## To do
With the records below as input, work out how many lines include the word "RateTransition". Give only the number.

## Data supplied
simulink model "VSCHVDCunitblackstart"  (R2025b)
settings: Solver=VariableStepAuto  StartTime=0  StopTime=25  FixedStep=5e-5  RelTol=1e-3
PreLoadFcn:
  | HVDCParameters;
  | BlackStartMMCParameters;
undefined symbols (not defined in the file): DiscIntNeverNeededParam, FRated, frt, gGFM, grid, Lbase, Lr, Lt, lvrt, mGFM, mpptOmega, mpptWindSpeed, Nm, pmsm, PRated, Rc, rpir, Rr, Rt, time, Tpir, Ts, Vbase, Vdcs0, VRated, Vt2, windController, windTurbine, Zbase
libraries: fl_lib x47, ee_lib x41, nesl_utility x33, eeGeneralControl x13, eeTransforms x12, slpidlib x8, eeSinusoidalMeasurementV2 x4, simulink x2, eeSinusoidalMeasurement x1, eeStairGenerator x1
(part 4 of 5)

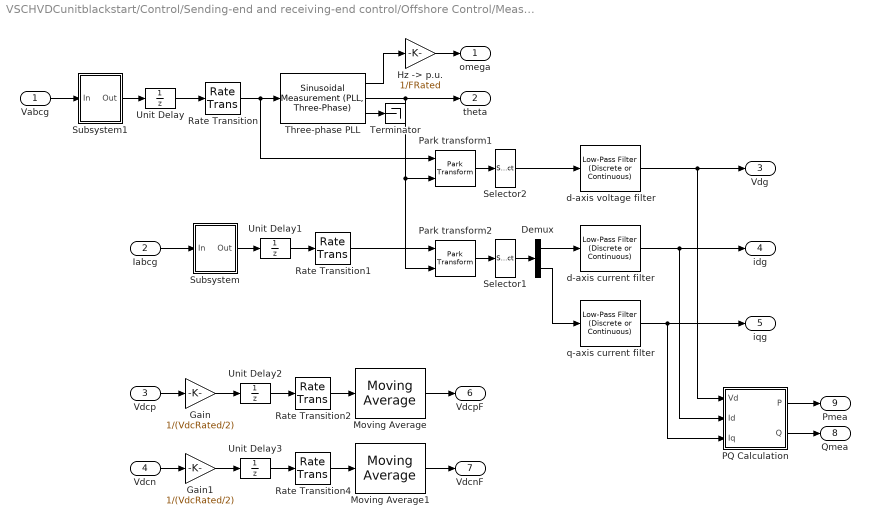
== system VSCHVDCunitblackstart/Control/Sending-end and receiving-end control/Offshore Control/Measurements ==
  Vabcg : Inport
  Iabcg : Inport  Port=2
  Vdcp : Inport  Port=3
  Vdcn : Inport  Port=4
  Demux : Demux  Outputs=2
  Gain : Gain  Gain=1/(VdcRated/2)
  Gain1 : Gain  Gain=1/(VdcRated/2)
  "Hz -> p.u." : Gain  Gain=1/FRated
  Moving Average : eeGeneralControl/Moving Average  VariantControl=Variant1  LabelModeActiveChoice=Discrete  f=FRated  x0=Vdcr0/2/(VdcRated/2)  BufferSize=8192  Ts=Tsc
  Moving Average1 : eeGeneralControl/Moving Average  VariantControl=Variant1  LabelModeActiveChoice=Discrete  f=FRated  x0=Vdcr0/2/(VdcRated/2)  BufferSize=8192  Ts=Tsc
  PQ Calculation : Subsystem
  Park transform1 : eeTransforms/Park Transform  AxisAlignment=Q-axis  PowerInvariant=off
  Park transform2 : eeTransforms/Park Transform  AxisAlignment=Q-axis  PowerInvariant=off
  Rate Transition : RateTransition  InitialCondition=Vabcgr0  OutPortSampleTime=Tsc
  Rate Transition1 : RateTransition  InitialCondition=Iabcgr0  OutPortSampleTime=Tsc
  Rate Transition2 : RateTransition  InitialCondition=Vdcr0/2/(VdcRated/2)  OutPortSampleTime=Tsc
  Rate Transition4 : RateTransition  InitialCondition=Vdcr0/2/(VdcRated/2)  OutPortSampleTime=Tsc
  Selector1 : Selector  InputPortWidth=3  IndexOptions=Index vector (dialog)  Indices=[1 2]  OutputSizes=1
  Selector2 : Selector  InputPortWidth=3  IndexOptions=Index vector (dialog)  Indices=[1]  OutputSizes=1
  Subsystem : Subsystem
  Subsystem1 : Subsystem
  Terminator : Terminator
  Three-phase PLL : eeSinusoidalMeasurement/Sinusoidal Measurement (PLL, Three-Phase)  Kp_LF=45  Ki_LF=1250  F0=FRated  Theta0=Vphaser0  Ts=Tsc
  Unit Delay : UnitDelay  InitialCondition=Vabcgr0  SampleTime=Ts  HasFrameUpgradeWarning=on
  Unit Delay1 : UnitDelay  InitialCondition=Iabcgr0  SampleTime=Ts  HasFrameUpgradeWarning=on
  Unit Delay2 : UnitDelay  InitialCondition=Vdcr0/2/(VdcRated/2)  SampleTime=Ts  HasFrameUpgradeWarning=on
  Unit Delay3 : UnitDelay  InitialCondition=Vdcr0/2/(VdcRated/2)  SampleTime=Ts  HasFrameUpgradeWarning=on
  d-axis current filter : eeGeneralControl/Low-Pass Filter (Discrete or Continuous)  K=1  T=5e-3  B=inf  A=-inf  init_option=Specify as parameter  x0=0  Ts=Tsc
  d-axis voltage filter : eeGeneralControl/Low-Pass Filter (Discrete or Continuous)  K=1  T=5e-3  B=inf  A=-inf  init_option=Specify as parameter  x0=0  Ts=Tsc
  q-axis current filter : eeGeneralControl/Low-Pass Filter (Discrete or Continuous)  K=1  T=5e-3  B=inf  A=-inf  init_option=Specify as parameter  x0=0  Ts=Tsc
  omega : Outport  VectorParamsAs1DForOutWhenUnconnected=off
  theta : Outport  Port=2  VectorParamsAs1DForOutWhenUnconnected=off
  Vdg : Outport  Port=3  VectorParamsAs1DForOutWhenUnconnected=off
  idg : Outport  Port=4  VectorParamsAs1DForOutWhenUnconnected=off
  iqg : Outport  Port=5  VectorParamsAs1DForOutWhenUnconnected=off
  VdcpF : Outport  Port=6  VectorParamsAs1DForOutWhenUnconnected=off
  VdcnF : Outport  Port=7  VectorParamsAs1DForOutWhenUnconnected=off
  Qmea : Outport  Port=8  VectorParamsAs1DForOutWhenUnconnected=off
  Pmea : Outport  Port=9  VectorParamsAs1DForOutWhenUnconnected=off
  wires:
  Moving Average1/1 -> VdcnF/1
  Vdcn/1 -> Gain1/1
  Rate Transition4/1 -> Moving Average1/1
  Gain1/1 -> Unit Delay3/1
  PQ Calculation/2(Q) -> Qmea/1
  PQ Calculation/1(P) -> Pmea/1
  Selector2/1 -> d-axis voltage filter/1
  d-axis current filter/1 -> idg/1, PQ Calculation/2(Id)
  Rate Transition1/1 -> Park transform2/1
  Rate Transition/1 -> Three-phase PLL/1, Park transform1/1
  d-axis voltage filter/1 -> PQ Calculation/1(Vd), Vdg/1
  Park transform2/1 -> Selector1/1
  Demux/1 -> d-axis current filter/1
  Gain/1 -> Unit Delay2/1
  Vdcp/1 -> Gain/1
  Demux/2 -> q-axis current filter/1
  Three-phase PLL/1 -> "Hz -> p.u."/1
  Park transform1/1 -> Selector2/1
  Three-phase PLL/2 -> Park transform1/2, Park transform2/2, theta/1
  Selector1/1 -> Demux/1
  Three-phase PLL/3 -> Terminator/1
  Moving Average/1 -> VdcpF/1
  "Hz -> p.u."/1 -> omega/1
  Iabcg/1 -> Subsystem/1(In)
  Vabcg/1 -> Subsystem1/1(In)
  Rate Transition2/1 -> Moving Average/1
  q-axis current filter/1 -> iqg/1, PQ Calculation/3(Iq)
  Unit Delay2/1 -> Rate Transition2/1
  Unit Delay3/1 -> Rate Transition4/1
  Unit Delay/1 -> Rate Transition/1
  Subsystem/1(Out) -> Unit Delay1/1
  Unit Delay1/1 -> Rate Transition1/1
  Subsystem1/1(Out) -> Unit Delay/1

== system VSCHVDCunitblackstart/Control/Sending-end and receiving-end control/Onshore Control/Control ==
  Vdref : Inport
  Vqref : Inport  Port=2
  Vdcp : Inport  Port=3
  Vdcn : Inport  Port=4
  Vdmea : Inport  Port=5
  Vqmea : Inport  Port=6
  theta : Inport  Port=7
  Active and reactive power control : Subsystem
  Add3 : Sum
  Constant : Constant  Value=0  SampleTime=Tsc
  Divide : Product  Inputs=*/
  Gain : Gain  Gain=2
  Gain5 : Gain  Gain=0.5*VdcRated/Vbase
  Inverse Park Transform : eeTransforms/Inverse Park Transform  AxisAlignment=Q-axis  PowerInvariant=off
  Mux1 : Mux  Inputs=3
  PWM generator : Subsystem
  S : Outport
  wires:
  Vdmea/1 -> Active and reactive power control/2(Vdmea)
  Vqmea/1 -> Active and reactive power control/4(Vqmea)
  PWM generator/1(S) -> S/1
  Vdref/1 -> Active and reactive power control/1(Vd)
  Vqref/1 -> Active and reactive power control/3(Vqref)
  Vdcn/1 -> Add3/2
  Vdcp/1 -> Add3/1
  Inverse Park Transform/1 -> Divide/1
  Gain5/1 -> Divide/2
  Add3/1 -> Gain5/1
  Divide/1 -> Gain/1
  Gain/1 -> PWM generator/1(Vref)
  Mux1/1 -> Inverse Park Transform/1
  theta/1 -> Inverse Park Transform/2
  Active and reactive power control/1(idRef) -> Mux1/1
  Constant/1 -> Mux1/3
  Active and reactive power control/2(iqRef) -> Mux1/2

## Solution below
4